◆ Work request ◆
Using the entries below, show all lines with the string "both".

◆ Data records ◆
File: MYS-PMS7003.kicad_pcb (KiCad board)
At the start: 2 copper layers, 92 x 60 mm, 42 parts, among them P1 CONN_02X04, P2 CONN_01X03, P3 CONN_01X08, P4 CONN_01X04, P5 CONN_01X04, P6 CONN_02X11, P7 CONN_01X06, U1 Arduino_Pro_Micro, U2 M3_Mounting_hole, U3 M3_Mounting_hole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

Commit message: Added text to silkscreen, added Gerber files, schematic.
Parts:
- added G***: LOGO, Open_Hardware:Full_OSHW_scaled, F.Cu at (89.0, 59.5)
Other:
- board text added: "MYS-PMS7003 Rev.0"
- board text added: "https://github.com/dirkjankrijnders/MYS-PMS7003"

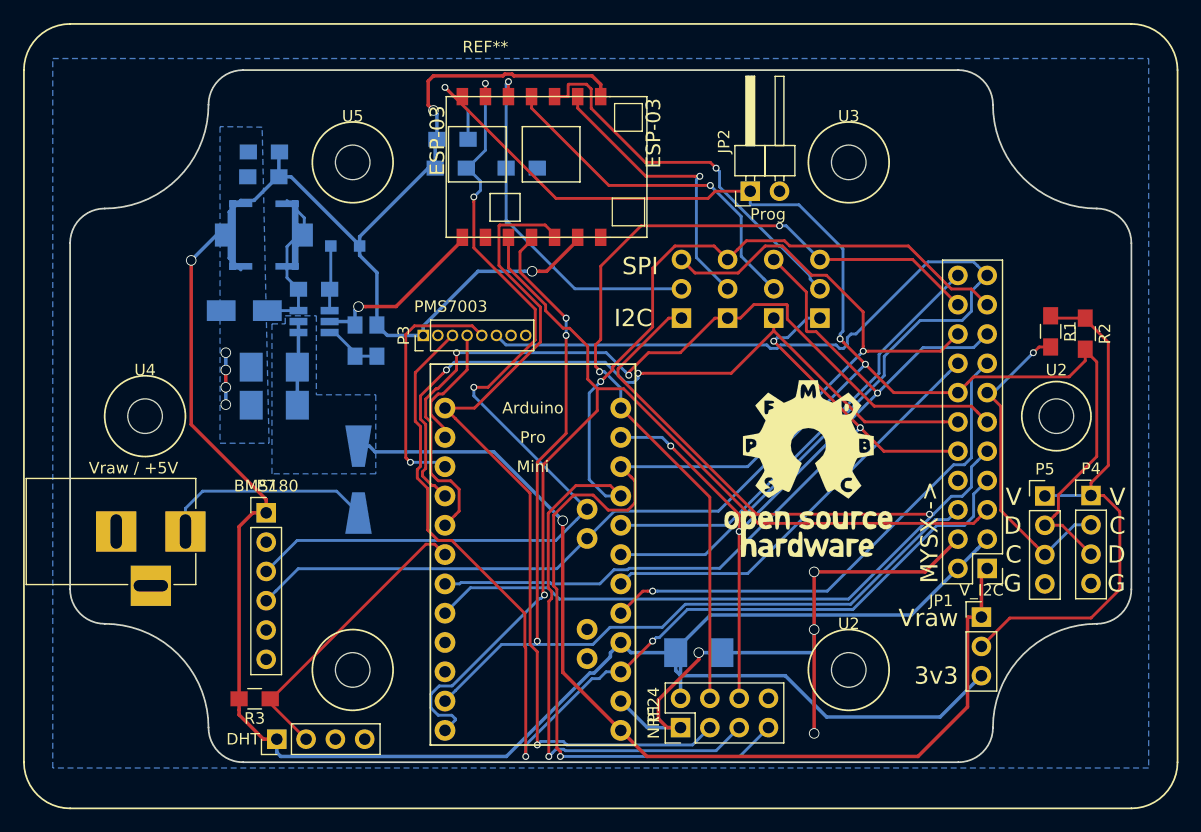
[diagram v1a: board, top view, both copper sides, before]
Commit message: Updated radio module outline, fixed missing tracks
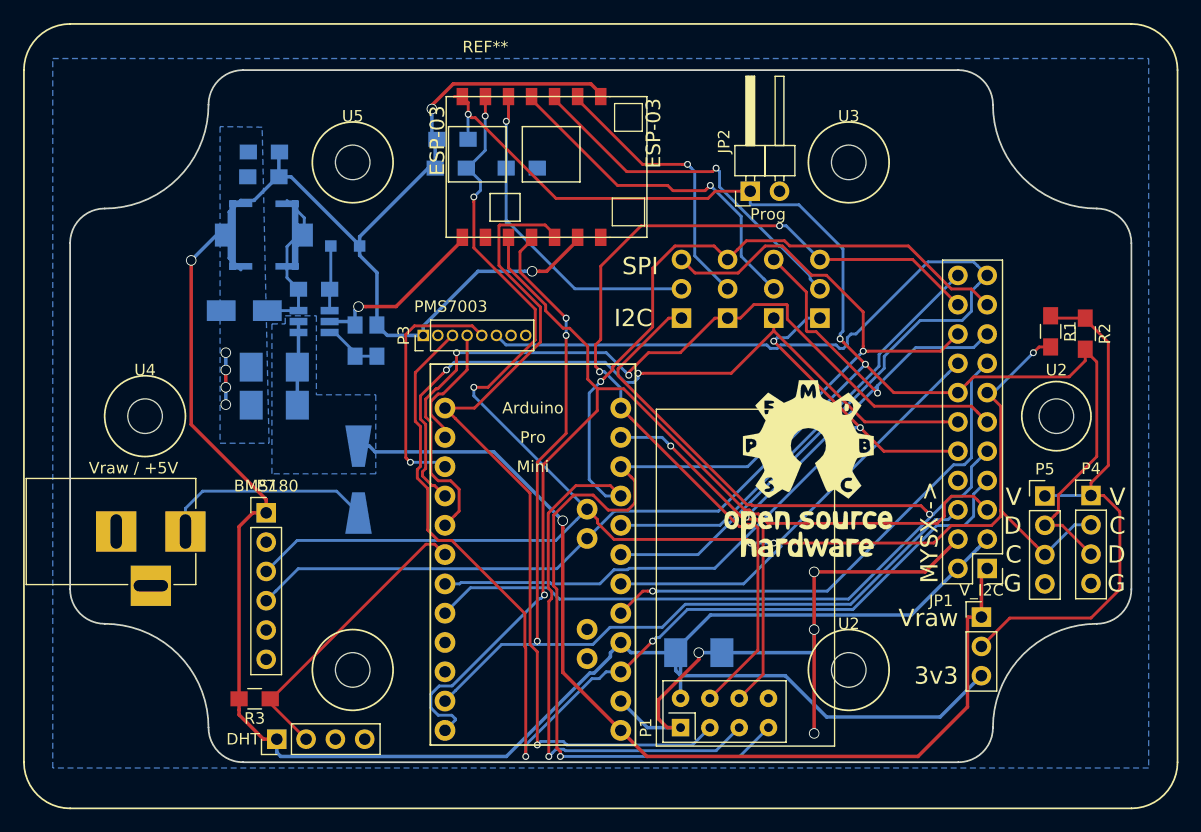
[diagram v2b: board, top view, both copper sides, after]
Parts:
- P1: footprint Pin_Headers:Pin_Header_Straight_2x04_Pitch2.54mm -> RF_Modules:nRF24L01_Breakout
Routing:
- net /MYSX_D7_SCL: track 107.1 -> 143.5 mm, vias 4 -> 6
- net /MYSX_D8_SDA: track 164.9 -> 159.3 mm
- net /MYSX_D14_CS: track 77.4 -> 81.9 mm
- net +3V3: track 245.1 -> 242.2 mm
- net Net-(JP4-Pad2): track 31.4 -> 28.8 mm
- net Net-(JP3-Pad2): track 33.3 -> 31.2 mm
- net /MYSX_D11_MOSI: track 73.3 -> 75.2 mm
- net /MYSX_D1_DFM: track 94.1 -> 95.8 mm
- net Net-(JP5-Pad2): track 25.0 -> 24.3 mm

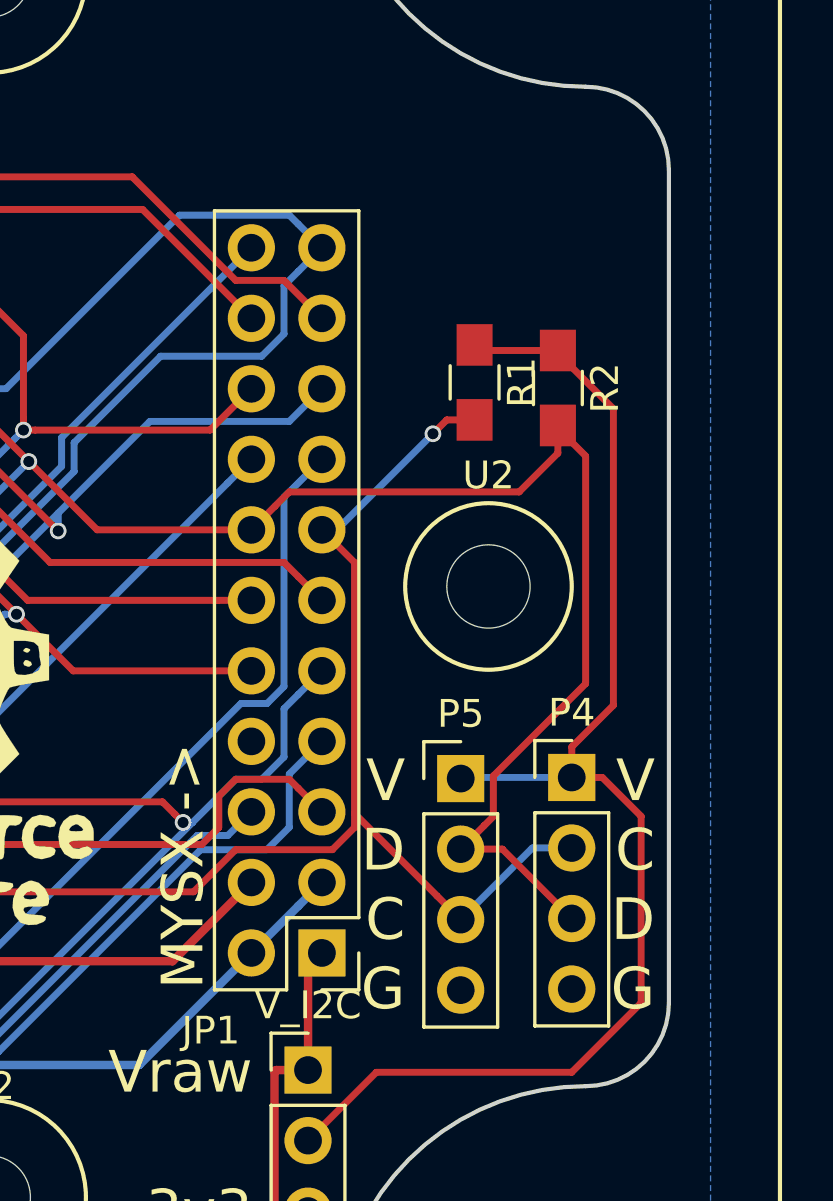
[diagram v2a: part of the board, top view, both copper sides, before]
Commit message: Created a slot for the MYSX cable to go to the other side of the board
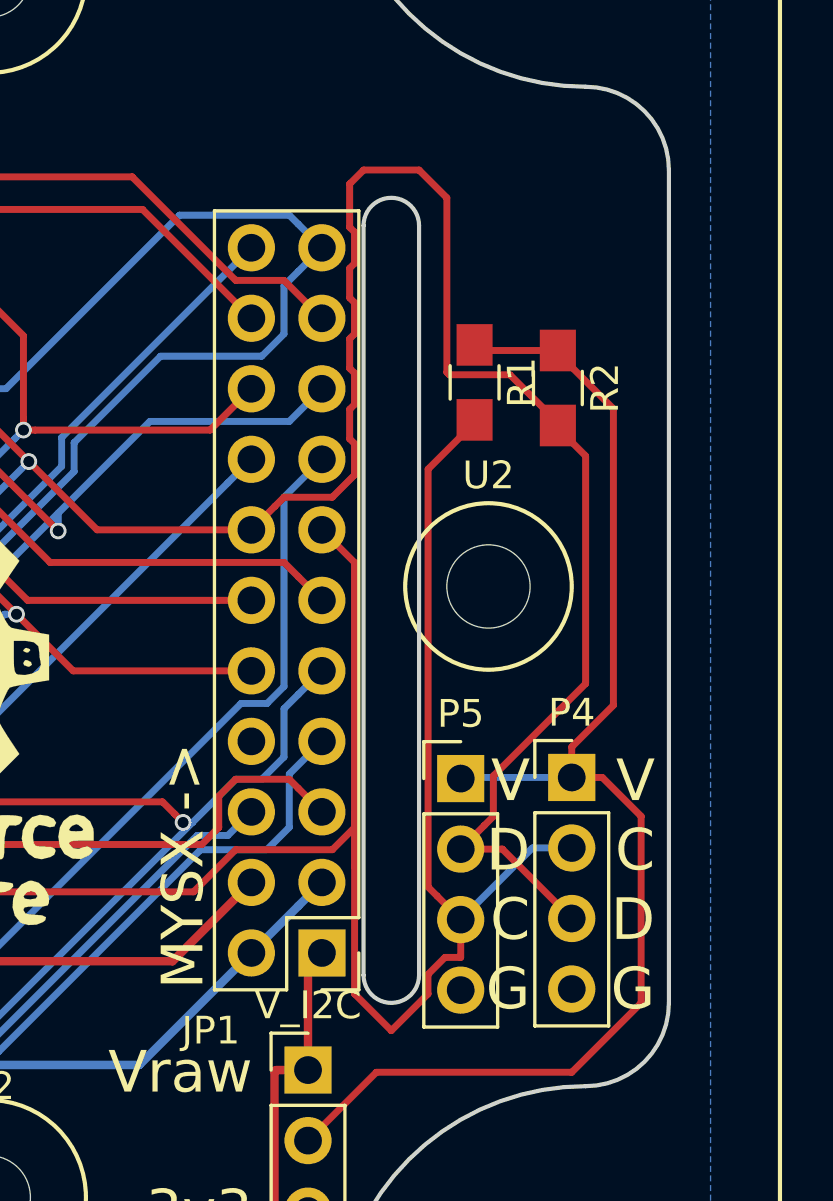
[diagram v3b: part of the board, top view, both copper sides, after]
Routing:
- net /MYSX_D7_SCL: track 143.5 -> 163.9 mm, vias 6 -> 5
- net /MYSX_D8_SDA: track 159.3 -> 176.9 mm
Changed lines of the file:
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@@
     (area 20.721799 20.721799 121.278201 89.278201)
     (thickness 1.6)
-    (drawings 15)
-    (tracks 702)
+    (drawings 19)
+    (tracks 731)
     (zones 0)
     (modules 43)
@@
       (net 22 "Net-(P1-Pad8)"))
   )
+  (gr_line (start 108 69) (end 108 42) (layer Edge.Cuts) (width 0.15))
+  (gr_line (start 106 42) (end 106 69) (layer Edge.Cuts) (width 0.15))
+  (gr_arc (start 107 42) (end 106 42) (angle 180) (layer Edge.Cuts) (width 0.15))
+  (gr_arc (start 107 69) (end 108 69) (angle 180) (layer Edge.Cuts) (width 0.15))
   (gr_text https://github.com/dirkjankrijnders/MYS-PMS7003 (at 62.5 37) (layer B.SilkS)
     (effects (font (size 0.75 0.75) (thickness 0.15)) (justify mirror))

◆ Answer for the task ◆
[diagram v1a: board, top view, both copper sides, before]
[diagram v2b: board, top view, both copper sides, after]
[diagram v2a: part of the board, top view, both copper sides, before]
[diagram v3b: part of the board, top view, both copper sides, after]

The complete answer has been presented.